Given records:

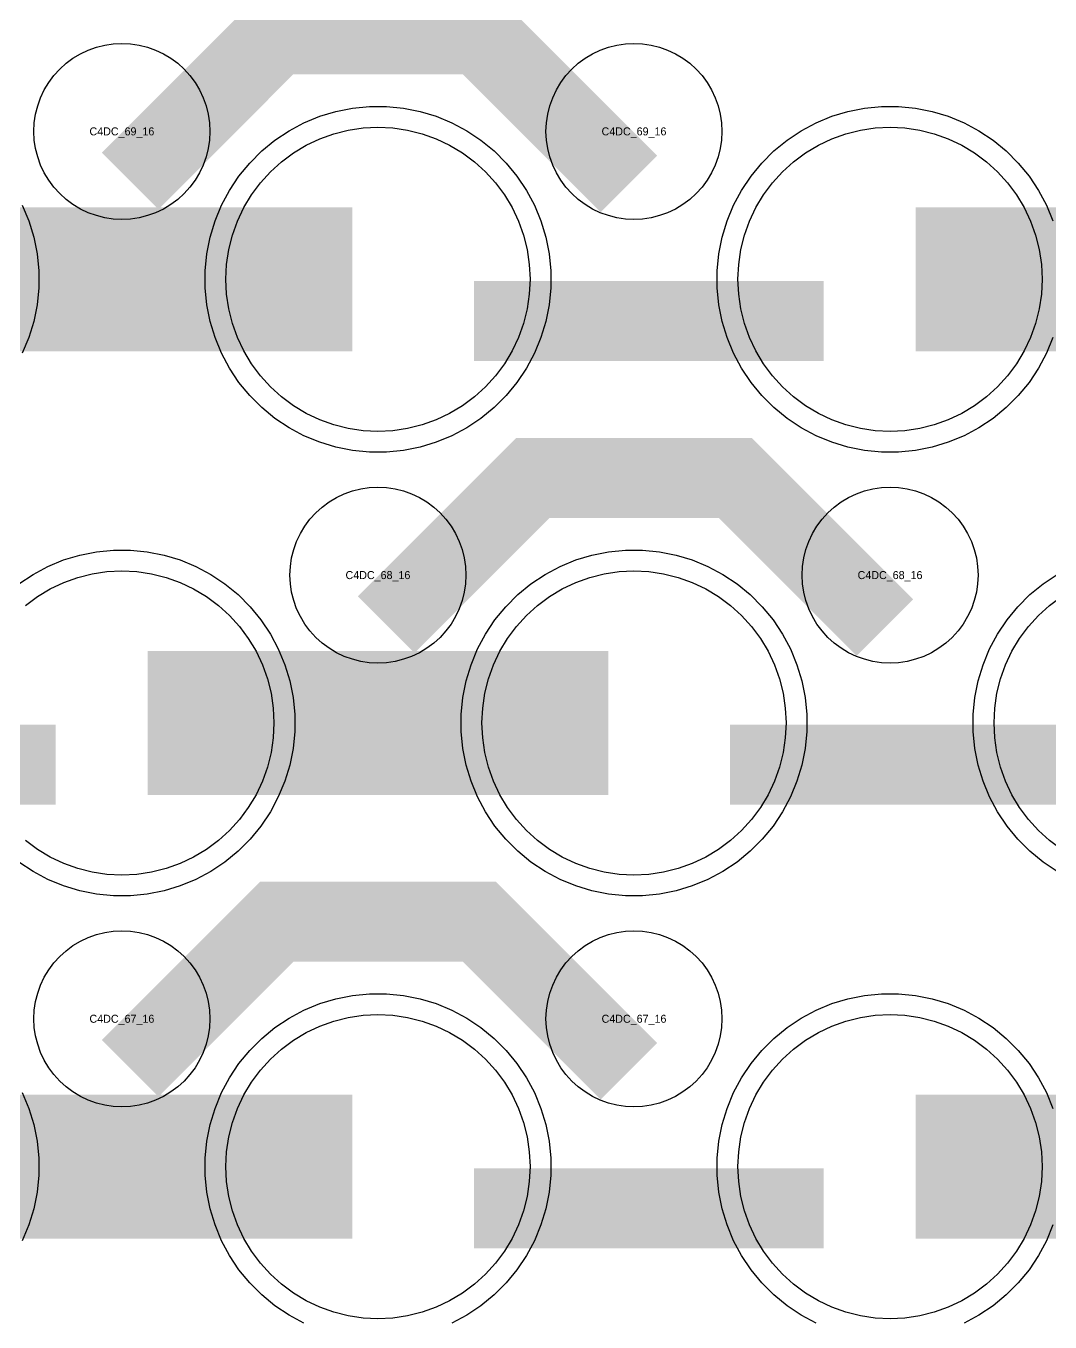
# Model space of a CAD drawing. Extents: x -11880 to 11880, y -14992 to 14992.
# Drawn here: x -6910 to -6590, y -5604.3 to -5199.5 of the extents above; entities that cross this region are included whole.
import ezdxf
from ezdxf.enums import TextEntityAlignment as Align

# ---------------------------------------------------------------- set-up
doc = ezdxf.new("R2010")
doc.units = 0
doc.header["$MEASUREMENT"] = 0
for name, color, linetype in [('GDS_775_DT_237', 138, 'CONTINUOUS'), ('RDL1_FS', 34, 'CONTINUOUS'), ('RDL_BS', 160, 'CONTINUOUS')]:
    doc.layers.add(name, color=color, linetype=linetype)

msp = doc.modelspace()

# ---------------------------------------------------------------- linework, layer by layer
at = {"layer": 'RDL1_FS'}
for points in [[(-6800, -5326.154), (-6804.657, -5325.925), (-6809.268, -5325.241), (-6813.791, -5324.109), (-6818.181, -5322.537), (-6822.395, -5320.545), (-6826.395, -5318.147), (-6830.14, -5315.369), (-6833.594, -5312.239), (-6836.724, -5308.785), (-6839.502, -5305.04), (-6841.9, -5301.04), (-6843.892, -5296.826), (-6845.464, -5292.436), (-6846.596, -5287.913), (-6847.28, -5283.302), (-6847.509, -5278.645), (-6847.28, -5273.988), (-6846.596, -5269.377), (-6845.464, -5264.854), (-6843.892, -5260.464), (-6841.9, -5256.25), (-6839.502, -5252.25), (-6836.724, -5248.505), (-6833.594, -5245.051), (-6830.14, -5241.921), (-6826.395, -5239.143), (-6822.395, -5236.745), (-6818.181, -5234.753), (-6813.791, -5233.181), (-6809.268, -5232.049), (-6804.657, -5231.365), (-6800, -5231.136), (-6795.343, -5231.365), (-6790.732, -5232.049), (-6786.209, -5233.181), (-6781.819, -5234.753), (-6777.605, -5236.745), (-6773.605, -5239.143), (-6769.86, -5241.921), (-6766.406, -5245.051), (-6763.276, -5248.505), (-6760.498, -5252.25), (-6758.1, -5256.25), (-6756.108, -5260.464), (-6754.536, -5264.854), (-6753.404, -5269.377), (-6752.72, -5273.988), (-6752.491, -5278.645), (-6752.72, -5283.302), (-6753.404, -5287.913), (-6754.536, -5292.436), (-6756.108, -5296.826), (-6758.1, -5301.04), (-6760.498, -5305.04), (-6763.276, -5308.785), (-6766.406, -5312.239), (-6769.86, -5315.369), (-6773.605, -5318.147), (-6777.605, -5320.545), (-6781.819, -5322.537), (-6786.209, -5324.109), (-6790.732, -5325.241), (-6795.343, -5325.925)], [(-6640, -5326.154), (-6644.657, -5325.925), (-6649.268, -5325.241), (-6653.791, -5324.109), (-6658.181, -5322.537), (-6662.395, -5320.545), (-6666.395, -5318.147), (-6670.14, -5315.369), (-6673.594, -5312.239), (-6676.724, -5308.785), (-6679.502, -5305.04), (-6681.9, -5301.04), (-6683.892, -5296.826), (-6685.464, -5292.436), (-6686.596, -5287.913), (-6687.28, -5283.302), (-6687.509, -5278.645), (-6687.28, -5273.988), (-6686.596, -5269.377), (-6685.464, -5264.854), (-6683.892, -5260.464), (-6681.9, -5256.25), (-6679.502, -5252.25), (-6676.724, -5248.505), (-6673.594, -5245.051), (-6670.14, -5241.921), (-6666.395, -5239.143), (-6662.395, -5236.745), (-6658.181, -5234.753), (-6653.791, -5233.181), (-6649.268, -5232.049), (-6644.657, -5231.365), (-6640, -5231.136), (-6635.343, -5231.365), (-6630.732, -5232.049), (-6626.209, -5233.181), (-6621.819, -5234.753), (-6617.605, -5236.745), (-6613.605, -5239.143), (-6609.86, -5241.921), (-6606.406, -5245.051), (-6603.276, -5248.505), (-6600.498, -5252.25), (-6598.1, -5256.25), (-6596.108, -5260.464), (-6594.536, -5264.854), (-6593.404, -5269.377), (-6592.72, -5273.988), (-6592.491, -5278.645), (-6592.72, -5283.302), (-6593.404, -5287.913), (-6594.536, -5292.436), (-6596.108, -5296.826), (-6598.1, -5301.04), (-6600.498, -5305.04), (-6603.276, -5308.785), (-6606.406, -5312.239), (-6609.86, -5315.369), (-6613.605, -5318.147), (-6617.605, -5320.545), (-6621.819, -5322.537), (-6626.209, -5324.109), (-6630.732, -5325.241), (-6635.343, -5325.925)]]:
    msp.add_lwpolyline(points, close=True, dxfattribs=at)
for points in [[(-6951.998, -5278.645, 45, 45, 0), (-6879.998, -5278.645, 45, 45, 0)], [(-6879.998, -5278.645, 45, 45, 0), (-6807.998, -5278.645, 45, 45, 0)], [(-6631.998, -5278.645, 45, 45, 0), (-6559.998, -5278.645, 45, 45, 0)]]:
    msp.add_lwpolyline(points, format="xyseb", dxfattribs=at)
at = {"layer": 'RDL1_FS', "color": 240, "true_color": 0xed1f24}
for points in [[(-6910.14, -5380.486), (-6906.395, -5377.708), (-6902.395, -5375.31), (-6898.181, -5373.318), (-6893.791, -5371.746), (-6889.268, -5370.614), (-6884.657, -5369.93), (-6880, -5369.701), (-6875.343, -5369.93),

What is needed: Give again, word for word, every line from the top of the entries above to the line holding "layer by layer", both included. Leave the pictures out.

Answer to the problem:
# Model space of a CAD drawing. Extents: x -11880 to 11880, y -14992 to 14992.
# Drawn here: x -6910 to -6590, y -5604.3 to -5199.5 of the extents above; entities that cross this region are included whole.
import ezdxf
from ezdxf.enums import TextEntityAlignment as Align

# ---------------------------------------------------------------- set-up
doc = ezdxf.new("R2010")
doc.units = 0
doc.header["$MEASUREMENT"] = 0
for name, color, linetype in [('GDS_775_DT_237', 138, 'CONTINUOUS'), ('RDL1_FS', 34, 'CONTINUOUS'), ('RDL_BS', 160, 'CONTINUOUS')]:
    doc.layers.add(name, color=color, linetype=linetype)

msp = doc.modelspace()

# ---------------------------------------------------------------- linework, layer by layer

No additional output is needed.